Dann bräuchte ich wohl einen aus der 9300er Reihe.Solch einen haben wir ja bei einem anderen Aufwickler in Betrieb.
Er bekommt nur die Rückführung und einen Ultraschallsensor.Unsere Mitarbeiter sind sehr zufrieden damit.

Deswegen würde ich meine Wickler auch mit diesem System aufbauen.
Da ich selber ja ingesamt drei Wickler aufbauen sollte, hab ich jetzt natürlich die Möglichkeit verschiedene Steuerungsvarianten zu testen und die beste danach auszuwählen.

Edit:

Das hab ich grad noch gefunden: (8400 Highline)


Servoregelung (SC)
Die feldorientierte Servoregelung (SC) für Asynchronmotoren basiert auf einer entkoppelten,
getrennten Regelung des drehmomentbildenden und des feldbildenden Stromanteils.
Die Motorregelung basiert auf einer rückgeführten, feldorientierten und kaskadierten Reglerstruktur
und ermöglicht einen dynamischen und stabilen Betrieb in allen vier Quadranten.
Die Servoregelung weist prinzipiell dieselben Vorteile wie die sensorlose Vectorregelung
(SLVC) auf.

So funktioniert doch unser Wickler, den wir programmiert bekommen haben.
Hier kann der Regler zwischen drehmomentbildenden und feldbildenden direkt unterscheiden, da er ja eine Rückführung hat.


----------



## Per (6 April 2011)

*Lenze TopLine oder HighLine oder Lenze 9300 ?*

Genau richtig Xplosion ,
mit der Servoregelung (SC) ist dieses möglich, aber nur wenn der Geber auch direkt am Motor angebaut ist.Um noch eine bessere Dynamik zu bekommen sollte vielleicht ein Synchronmotore
(PSM) in Betracht gezogen werden. Mit einen 8400 TopLine in Servoregelung.
Also: 8400TopLine mit Synchronmotore (PSM) Lenze-Motore mit Absolutwertgeber oder Resolver, weil die Pollage bereits korrekt eingestellt ist im Umrichter und alle Motordaten vorhanden sind.
Warum nicht den 8400HighLine ? Da dieser nur mit inkrementellen Gebern arbeiten kann und man   nach jedem Netzschalten eine Pollageidentifikation starten muss.
Oder die Konfiguration mit dem 9300 ? oder ein 9400 ?
Für den 9300 und den 9400 gibst von Lenze fertige Applikationen für Wickler wo z.b. die mechanischen Verluste bei der Drehmomentenregelung kompensiertwerden 

Es gibt sehr viele Möglichkeiten, meisten ist es aber eine Geld frage was wirklich eingesetzt wird.  
und noch w as: schau dir bitte genau die Unterschiede vom High und TopLine an. 

Gruß Per


----------



## Xplosion (6 April 2011)

Ich hab nochmal den gut funktionierenden Wickler angeschaut.

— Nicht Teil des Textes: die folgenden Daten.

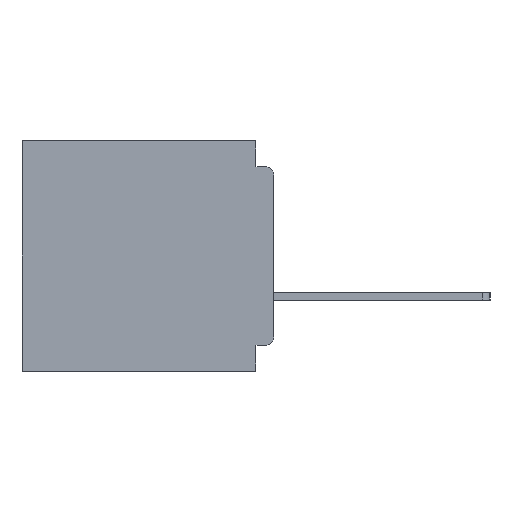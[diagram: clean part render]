
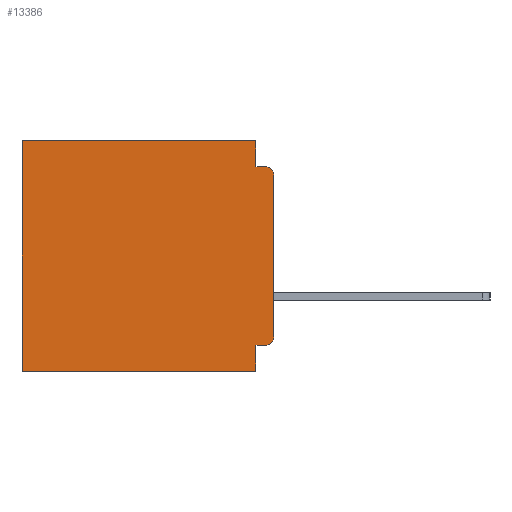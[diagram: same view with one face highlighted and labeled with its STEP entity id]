
A CAD part, left-side view. The second image highlights one B-rep face of the part: STEP entity #13386.
In plain terms, the highlighted planar face has unit normal (-1, 0, 0).
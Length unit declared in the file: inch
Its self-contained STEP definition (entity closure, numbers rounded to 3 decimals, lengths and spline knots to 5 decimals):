
#421 = CARTESIAN_POINT ( 'NONE',  ( 0.3, 0.437, -0.4 ) ) ;
#496 = VECTOR ( 'NONE', #18394, 39.37008 ) ;
#983 = EDGE_CURVE ( 'NONE', #51430, #30364, #6731, .T. ) ;
#1546 = CARTESIAN_POINT ( 'NONE',  ( 0.3, 0.031, -0.4 ) ) ;
#4593 = DIRECTION ( 'NONE',  ( 0., 1., 0. ) ) ;
#5503 = DIRECTION ( 'NONE',  ( 0., 1., 0. ) ) ;
#5635 = EDGE_CURVE ( 'NONE', #18821, #29712, #20923, .T. ) ;
#6601 = DIRECTION ( 'NONE',  ( 0., 0., -1. ) ) ;
#6711 = EDGE_CURVE ( 'NONE', #11272, #29712, #49592, .T. ) ;
#6731 = LINE ( 'NONE', #45822, #31281 ) ;
#7090 = EDGE_CURVE ( 'NONE', #17583, #43560, #15786, .T. ) ;
#7206 = DIRECTION ( 'NONE',  ( -1., 0., 0. ) ) ;
#7321 = CARTESIAN_POINT ( 'NONE',  ( 0.3, 0.031, 0. ) ) ;
#8643 = LINE ( 'NONE', #23028, #43865 ) ;
#9009 = ORIENTED_EDGE ( 'NONE', *, *, #6711, .F. ) ;
#11272 = VERTEX_POINT ( 'NONE', #44547 ) ;
#11556 = VECTOR ( 'NONE', #32860, 39.37008 ) ;
#11770 = EDGE_LOOP ( 'NONE', ( #37827, #22738, #35387, #56413, #29897, #17652, #9009, #50948, #54887, #21333 ) ) ;
#11940 = CARTESIAN_POINT ( 'NONE',  ( 0.3, 0., -0.045 ) ) ;
#13386 = ADVANCED_FACE ( 'NONE', ( #21943 ), #34028, .F. ) ;
#14911 = AXIS2_PLACEMENT_3D ( 'NONE', #15953, #48064, #20586 ) ;
#15388 = EDGE_CURVE ( 'NONE', #51430, #55459, #19763, .T. ) ;
#15786 = LINE ( 'NONE', #7321, #38805 ) ;
#15953 = CARTESIAN_POINT ( 'NONE',  ( 0.3, 0.015, -0.34 ) ) ;
#17583 = VERTEX_POINT ( 'NONE', #26481 ) ;
#17652 = ORIENTED_EDGE ( 'NONE', *, *, #5635, .T. ) ;
#18394 = DIRECTION ( 'NONE',  ( 0., 1., 0. ) ) ;
#18821 = VERTEX_POINT ( 'NONE', #30583 ) ;
#19763 = CIRCLE ( 'NONE', #51912, 0.015 ) ;
#20586 = DIRECTION ( 'NONE',  ( 0., 0., -1. ) ) ;
#20923 = LINE ( 'NONE', #421, #11556 ) ;
#21333 = ORIENTED_EDGE ( 'NONE', *, *, #38114, .T. ) ;
#21943 = FACE_OUTER_BOUND ( 'NONE', #11770, .T. ) ;
#22738 = ORIENTED_EDGE ( 'NONE', *, *, #15388, .T. ) ;
#23028 = CARTESIAN_POINT ( 'NONE',  ( 0.3, 0., -0.355 ) ) ;
#26481 = CARTESIAN_POINT ( 'NONE',  ( 0.3, 0.031, 0. ) ) ;
#28496 = CARTESIAN_POINT ( 'NONE',  ( 0.3, 0., 0. ) ) ;
#28889 = CARTESIAN_POINT ( 'NONE',  ( 0.3, 0., -0.06 ) ) ;
#29712 = VERTEX_POINT ( 'NONE', #49518 ) ;
#29897 = ORIENTED_EDGE ( 'NONE', *, *, #34593, .T. ) ;
#30364 = VERTEX_POINT ( 'NONE', #32861 ) ;
#30583 = CARTESIAN_POINT ( 'NONE',  ( 0.3, 0.437, 0. ) ) ;
#31281 = VECTOR ( 'NONE', #44051, 39.37008 ) ;
#32860 = DIRECTION ( 'NONE',  ( 0., 0., -1. ) ) ;
#32861 = CARTESIAN_POINT ( 'NONE',  ( 0.3, 0., -0.34 ) ) ;
#32960 = EDGE_CURVE ( 'NONE', #43490, #11272, #36037, .T. ) ;
#34028 = PLANE ( 'NONE',  #40389 ) ;
#34210 = DIRECTION ( 'NONE',  ( 1., 0., 0. ) ) ;
#34593 = EDGE_CURVE ( 'NONE', #17583, #18821, #38047, .T. ) ;
#34626 = VECTOR ( 'NONE', #43146, 39.37008 ) ;
#34803 = CARTESIAN_POINT ( 'NONE',  ( 0.3, 0.015, -0.06 ) ) ;
#35092 = DIRECTION ( 'NONE',  ( 0., 0., -1. ) ) ;
#35387 = ORIENTED_EDGE ( 'NONE', *, *, #53868, .F. ) ;
#36037 = LINE ( 'NONE', #1546, #34626 ) ;
#36119 = CARTESIAN_POINT ( 'NONE',  ( 0.3, 0.015, -0.355 ) ) ;
#36622 = VECTOR ( 'NONE', #5503, 39.37008 ) ;
#37827 = ORIENTED_EDGE ( 'NONE', *, *, #983, .F. ) ;
#38047 = LINE ( 'NONE', #28496, #36622 ) ;
#38114 = EDGE_CURVE ( 'NONE', #39798, #30364, #44890, .T. ) ;
#38805 = VECTOR ( 'NONE', #35092, 39.37008 ) ;
#39385 = DIRECTION ( 'NONE',  ( 0., 0., -1. ) ) ;
#39454 = DIRECTION ( 'NONE',  ( 0., -1., 0. ) ) ;
#39798 = VERTEX_POINT ( 'NONE', #36119 ) ;
#40389 = AXIS2_PLACEMENT_3D ( 'NONE', #43196, #34210, #6601 ) ;
#43146 = DIRECTION ( 'NONE',  ( 0., 0., -1. ) ) ;
#43196 = CARTESIAN_POINT ( 'NONE',  ( 0.3, 0., -0.4 ) ) ;
#43490 = VERTEX_POINT ( 'NONE', #43872 ) ;
#43560 = VERTEX_POINT ( 'NONE', #49262 ) ;
#43865 = VECTOR ( 'NONE', #4593, 39.37008 ) ;
#43872 = CARTESIAN_POINT ( 'NONE',  ( 0.3, 0.031, -0.355 ) ) ;
#44051 = DIRECTION ( 'NONE',  ( 0., 0., -1. ) ) ;
#44547 = CARTESIAN_POINT ( 'NONE',  ( 0.3, 0.031, -0.4 ) ) ;
#44890 = CIRCLE ( 'NONE', #14911, 0.015 ) ;
#45050 = EDGE_CURVE ( 'NONE', #39798, #43490, #8643, .T. ) ;
#45642 = VECTOR ( 'NONE', #39454, 39.37008 ) ;
#45822 = CARTESIAN_POINT ( 'NONE',  ( 0.3, 0., -0.4 ) ) ;
#48064 = DIRECTION ( 'NONE',  ( -1., 0., 0. ) ) ;
#49262 = CARTESIAN_POINT ( 'NONE',  ( 0.3, 0.031, -0.045 ) ) ;
#49518 = CARTESIAN_POINT ( 'NONE',  ( 0.3, 0.437, -0.4 ) ) ;
#49592 = LINE ( 'NONE', #50539, #496 ) ;
#50539 = CARTESIAN_POINT ( 'NONE',  ( 0.3, 0., -0.4 ) ) ;
#50948 = ORIENTED_EDGE ( 'NONE', *, *, #32960, .F. ) ;
#51430 = VERTEX_POINT ( 'NONE', #28889 ) ;
#51667 = CARTESIAN_POINT ( 'NONE',  ( 0.3, 0.015, -0.045 ) ) ;
#51912 = AXIS2_PLACEMENT_3D ( 'NONE', #34803, #7206, #39385 ) ;
#53868 = EDGE_CURVE ( 'NONE', #43560, #55459, #59138, .T. ) ;
#54887 = ORIENTED_EDGE ( 'NONE', *, *, #45050, .F. ) ;
#55459 = VERTEX_POINT ( 'NONE', #51667 ) ;
#56413 = ORIENTED_EDGE ( 'NONE', *, *, #7090, .F. ) ;
#59138 = LINE ( 'NONE', #11940, #45642 ) ;

Der Motor ist ein Getriebemotor mit Resolver, aber kein Synchronmotor glaube ich.Woran kann ich so einen erkennen? Was steht dann auf dem Typenschild?
Der Umrichter ist ein 9323er, dort ist an X7 der Resolver angeschlossen.

Jetzt hab ich im Lager mal nachgeschaut.Wir hätten noch 3 Stück 9300er Umrichter da.Zwei mit 1kW (9322) und einen größeren.Leider haben die an X7 eine schwarze Abdeckung.
Dachte vielleicht, diese Umrichter könnte ich verwenden, aber wenn bei X7 nichts da ist, kann ich nichts machen oder?


Ich würde auf jeden Fall die Variante Resolver und min. Asynchron-Servomotor oder evtl. Synchronservomotor vorziehen.

Weißt du was ein 8400 Topline ca. kostet in der Leistungsklasse unter 1kw? Nur ganz ungefähr.Mich würde der Vergleich zur 9300er-Reihe interessieren.

Bei der 8400er Reihe brauche ich aber dann auch noch Verbindungskabel + Software oder?


----------



## Per (7 April 2011)

*EVF oder EVS*

Hallo Xplosiv,
wenn da wirklich kein Anschluß ist handelt es sich um einen 9300 Vector Umrichter  
bitte mal auf Typenschild nachsehen ob es ein EVF93XX Vector Umrichter oder ein EVS93xx Servo-Umrichter.
Wenn die Software und der Adapter noch nicht vorhanden ist und Du ja eine funktionierende 9300 Applikation hast besorg dir ein EVS9300 mit ASM und Resolver.  
Gruß Per


----------